BEGIN

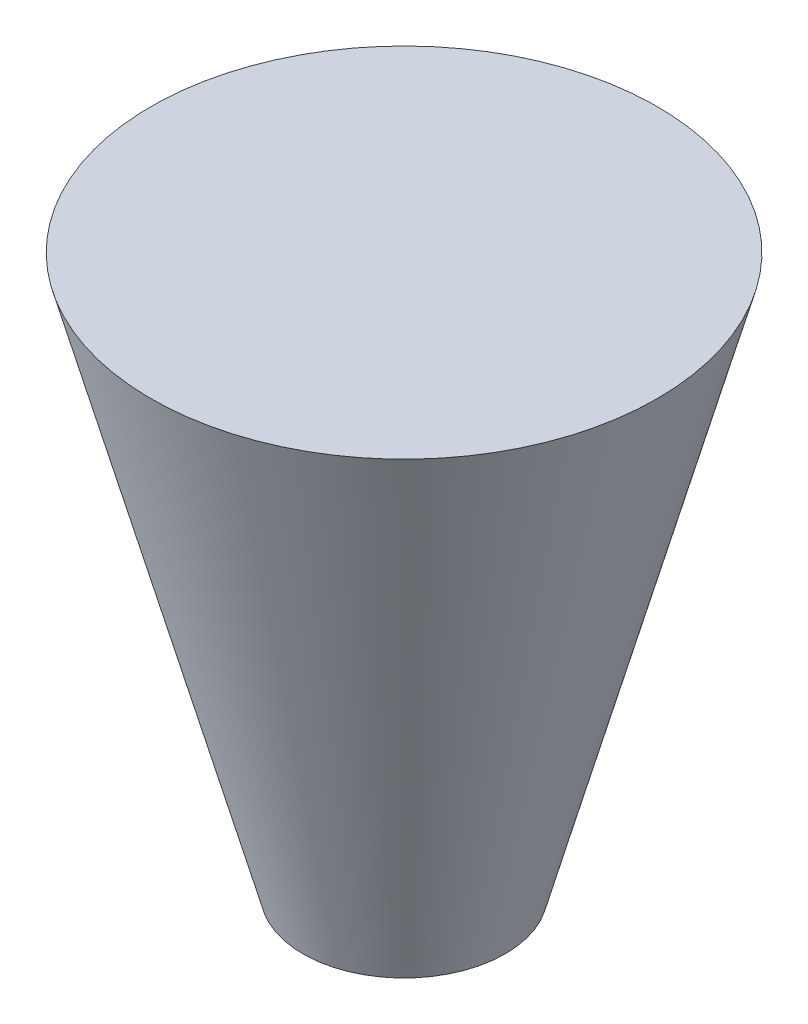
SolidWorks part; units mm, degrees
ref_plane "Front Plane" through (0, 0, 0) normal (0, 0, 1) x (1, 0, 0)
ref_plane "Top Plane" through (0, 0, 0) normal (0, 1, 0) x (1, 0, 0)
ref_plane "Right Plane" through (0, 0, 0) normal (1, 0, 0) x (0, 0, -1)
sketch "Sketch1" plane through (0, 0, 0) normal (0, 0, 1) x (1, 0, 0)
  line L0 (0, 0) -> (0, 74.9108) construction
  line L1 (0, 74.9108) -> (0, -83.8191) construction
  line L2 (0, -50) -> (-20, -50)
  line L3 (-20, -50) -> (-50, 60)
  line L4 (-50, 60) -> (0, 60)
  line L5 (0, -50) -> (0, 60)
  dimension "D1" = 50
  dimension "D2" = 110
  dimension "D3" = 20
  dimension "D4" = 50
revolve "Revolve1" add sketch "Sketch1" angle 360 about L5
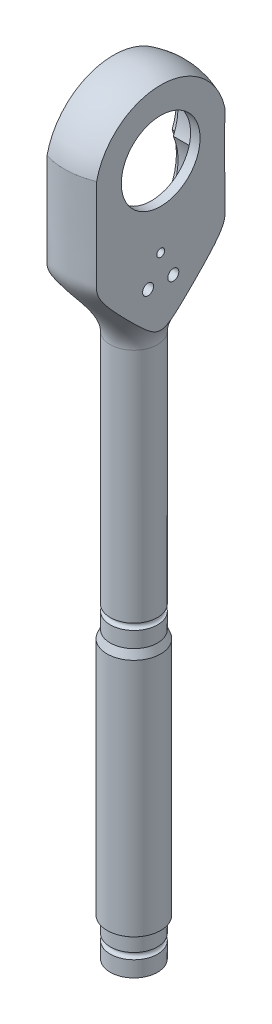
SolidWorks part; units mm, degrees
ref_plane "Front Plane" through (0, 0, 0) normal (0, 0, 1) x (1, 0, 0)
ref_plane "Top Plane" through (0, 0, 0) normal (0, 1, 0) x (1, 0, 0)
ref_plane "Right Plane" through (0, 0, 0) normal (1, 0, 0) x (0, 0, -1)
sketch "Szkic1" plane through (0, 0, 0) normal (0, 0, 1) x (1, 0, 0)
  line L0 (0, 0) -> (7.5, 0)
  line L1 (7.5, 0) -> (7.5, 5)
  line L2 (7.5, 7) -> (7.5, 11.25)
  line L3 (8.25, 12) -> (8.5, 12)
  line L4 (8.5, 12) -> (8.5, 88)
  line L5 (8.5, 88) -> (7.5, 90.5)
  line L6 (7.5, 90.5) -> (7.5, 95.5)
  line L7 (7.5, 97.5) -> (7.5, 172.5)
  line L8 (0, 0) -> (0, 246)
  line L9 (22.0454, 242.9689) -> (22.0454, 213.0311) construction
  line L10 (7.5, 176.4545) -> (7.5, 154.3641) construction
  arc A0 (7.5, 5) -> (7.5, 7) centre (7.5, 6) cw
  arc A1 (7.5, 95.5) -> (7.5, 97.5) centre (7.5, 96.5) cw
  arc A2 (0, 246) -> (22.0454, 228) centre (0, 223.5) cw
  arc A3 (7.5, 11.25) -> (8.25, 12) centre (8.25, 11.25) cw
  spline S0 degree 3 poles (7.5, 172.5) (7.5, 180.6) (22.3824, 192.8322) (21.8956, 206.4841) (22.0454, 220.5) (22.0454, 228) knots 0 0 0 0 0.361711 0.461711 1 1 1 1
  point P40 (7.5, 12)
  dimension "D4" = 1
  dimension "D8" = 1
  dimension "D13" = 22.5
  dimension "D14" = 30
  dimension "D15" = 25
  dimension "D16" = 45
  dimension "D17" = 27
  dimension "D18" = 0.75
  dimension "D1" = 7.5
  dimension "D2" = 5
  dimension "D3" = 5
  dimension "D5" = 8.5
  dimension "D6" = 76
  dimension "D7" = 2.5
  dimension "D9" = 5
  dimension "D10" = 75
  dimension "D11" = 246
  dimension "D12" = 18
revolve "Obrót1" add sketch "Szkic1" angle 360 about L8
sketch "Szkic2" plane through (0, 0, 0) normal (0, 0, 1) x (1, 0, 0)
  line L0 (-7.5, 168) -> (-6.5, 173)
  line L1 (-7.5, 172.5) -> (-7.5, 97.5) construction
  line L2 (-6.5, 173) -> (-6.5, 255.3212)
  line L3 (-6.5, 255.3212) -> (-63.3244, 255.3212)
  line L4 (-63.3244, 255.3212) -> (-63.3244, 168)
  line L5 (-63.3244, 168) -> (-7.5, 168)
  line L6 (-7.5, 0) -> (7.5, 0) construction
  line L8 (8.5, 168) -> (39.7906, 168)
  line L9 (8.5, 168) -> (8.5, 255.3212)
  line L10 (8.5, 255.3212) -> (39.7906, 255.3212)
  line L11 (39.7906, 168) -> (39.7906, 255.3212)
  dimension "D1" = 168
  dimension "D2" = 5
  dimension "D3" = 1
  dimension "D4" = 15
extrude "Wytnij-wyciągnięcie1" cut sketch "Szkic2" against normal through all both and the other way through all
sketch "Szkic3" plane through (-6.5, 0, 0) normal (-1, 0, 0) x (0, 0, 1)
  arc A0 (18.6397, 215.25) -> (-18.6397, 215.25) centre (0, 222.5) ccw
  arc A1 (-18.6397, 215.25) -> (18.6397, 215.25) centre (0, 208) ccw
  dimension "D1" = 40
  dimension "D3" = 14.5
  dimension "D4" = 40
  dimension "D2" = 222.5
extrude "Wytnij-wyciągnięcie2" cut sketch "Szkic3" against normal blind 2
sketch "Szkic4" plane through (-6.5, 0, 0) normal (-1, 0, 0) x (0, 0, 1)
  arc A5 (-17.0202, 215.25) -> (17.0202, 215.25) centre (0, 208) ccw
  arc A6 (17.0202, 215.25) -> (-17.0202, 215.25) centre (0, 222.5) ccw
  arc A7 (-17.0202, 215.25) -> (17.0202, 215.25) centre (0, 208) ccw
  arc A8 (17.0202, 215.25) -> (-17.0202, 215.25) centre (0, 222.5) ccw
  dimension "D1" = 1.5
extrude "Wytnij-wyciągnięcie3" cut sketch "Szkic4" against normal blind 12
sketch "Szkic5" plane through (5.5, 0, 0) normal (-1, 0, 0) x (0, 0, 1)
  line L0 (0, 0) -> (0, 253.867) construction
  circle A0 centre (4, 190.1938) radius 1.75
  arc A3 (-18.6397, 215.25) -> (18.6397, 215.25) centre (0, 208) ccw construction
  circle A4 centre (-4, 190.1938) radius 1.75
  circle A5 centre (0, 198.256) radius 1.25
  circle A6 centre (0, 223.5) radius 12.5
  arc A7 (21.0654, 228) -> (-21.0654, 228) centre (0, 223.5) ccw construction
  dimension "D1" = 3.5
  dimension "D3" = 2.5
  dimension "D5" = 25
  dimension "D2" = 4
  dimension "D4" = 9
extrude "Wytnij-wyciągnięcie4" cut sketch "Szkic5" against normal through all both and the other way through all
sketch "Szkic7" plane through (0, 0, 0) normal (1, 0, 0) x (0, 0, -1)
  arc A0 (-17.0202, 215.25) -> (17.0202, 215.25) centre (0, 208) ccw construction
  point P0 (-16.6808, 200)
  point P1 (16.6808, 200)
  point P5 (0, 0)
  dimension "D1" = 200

END

## [To do]
Would you retype exactly the lines above, from the line with "arc A6 (17.0202, 215.25)" to the line with "arc A0 (-17.0202, 215.25)", with both end lines kept and nothing more?

## [Result of the task]
  arc A6 (17.0202, 215.25) -> (-17.0202, 215.25) centre (0, 222.5) ccw
  arc A7 (-17.0202, 215.25) -> (17.0202, 215.25) centre (0, 208) ccw
  arc A8 (17.0202, 215.25) -> (-17.0202, 215.25) centre (0, 222.5) ccw
  dimension "D1" = 1.5
extrude "Wytnij-wyciągnięcie3" cut sketch "Szkic4" against normal blind 12
sketch "Szkic5" plane through (5.5, 0, 0) normal (-1, 0, 0) x (0, 0, 1)
  line L0 (0, 0) -> (0, 253.867) construction
  circle A0 centre (4, 190.1938) radius 1.75
  arc A3 (-18.6397, 215.25) -> (18.6397, 215.25) centre (0, 208) ccw construction
  circle A4 centre (-4, 190.1938) radius 1.75
  circle A5 centre (0, 198.256) radius 1.25
  circle A6 centre (0, 223.5) radius 12.5
  arc A7 (21.0654, 228) -> (-21.0654, 228) centre (0, 223.5) ccw construction
  dimension "D1" = 3.5
  dimension "D3" = 2.5
  dimension "D5" = 25
  dimension "D2" = 4
  dimension "D4" = 9
extrude "Wytnij-wyciągnięcie4" cut sketch "Szkic5" against normal through all both and the other way through all
sketch "Szkic7" plane through (0, 0, 0) normal (1, 0, 0) x (0, 0, -1)
  arc A0 (-17.0202, 215.25) -> (17.0202, 215.25) centre (0, 208) ccw construction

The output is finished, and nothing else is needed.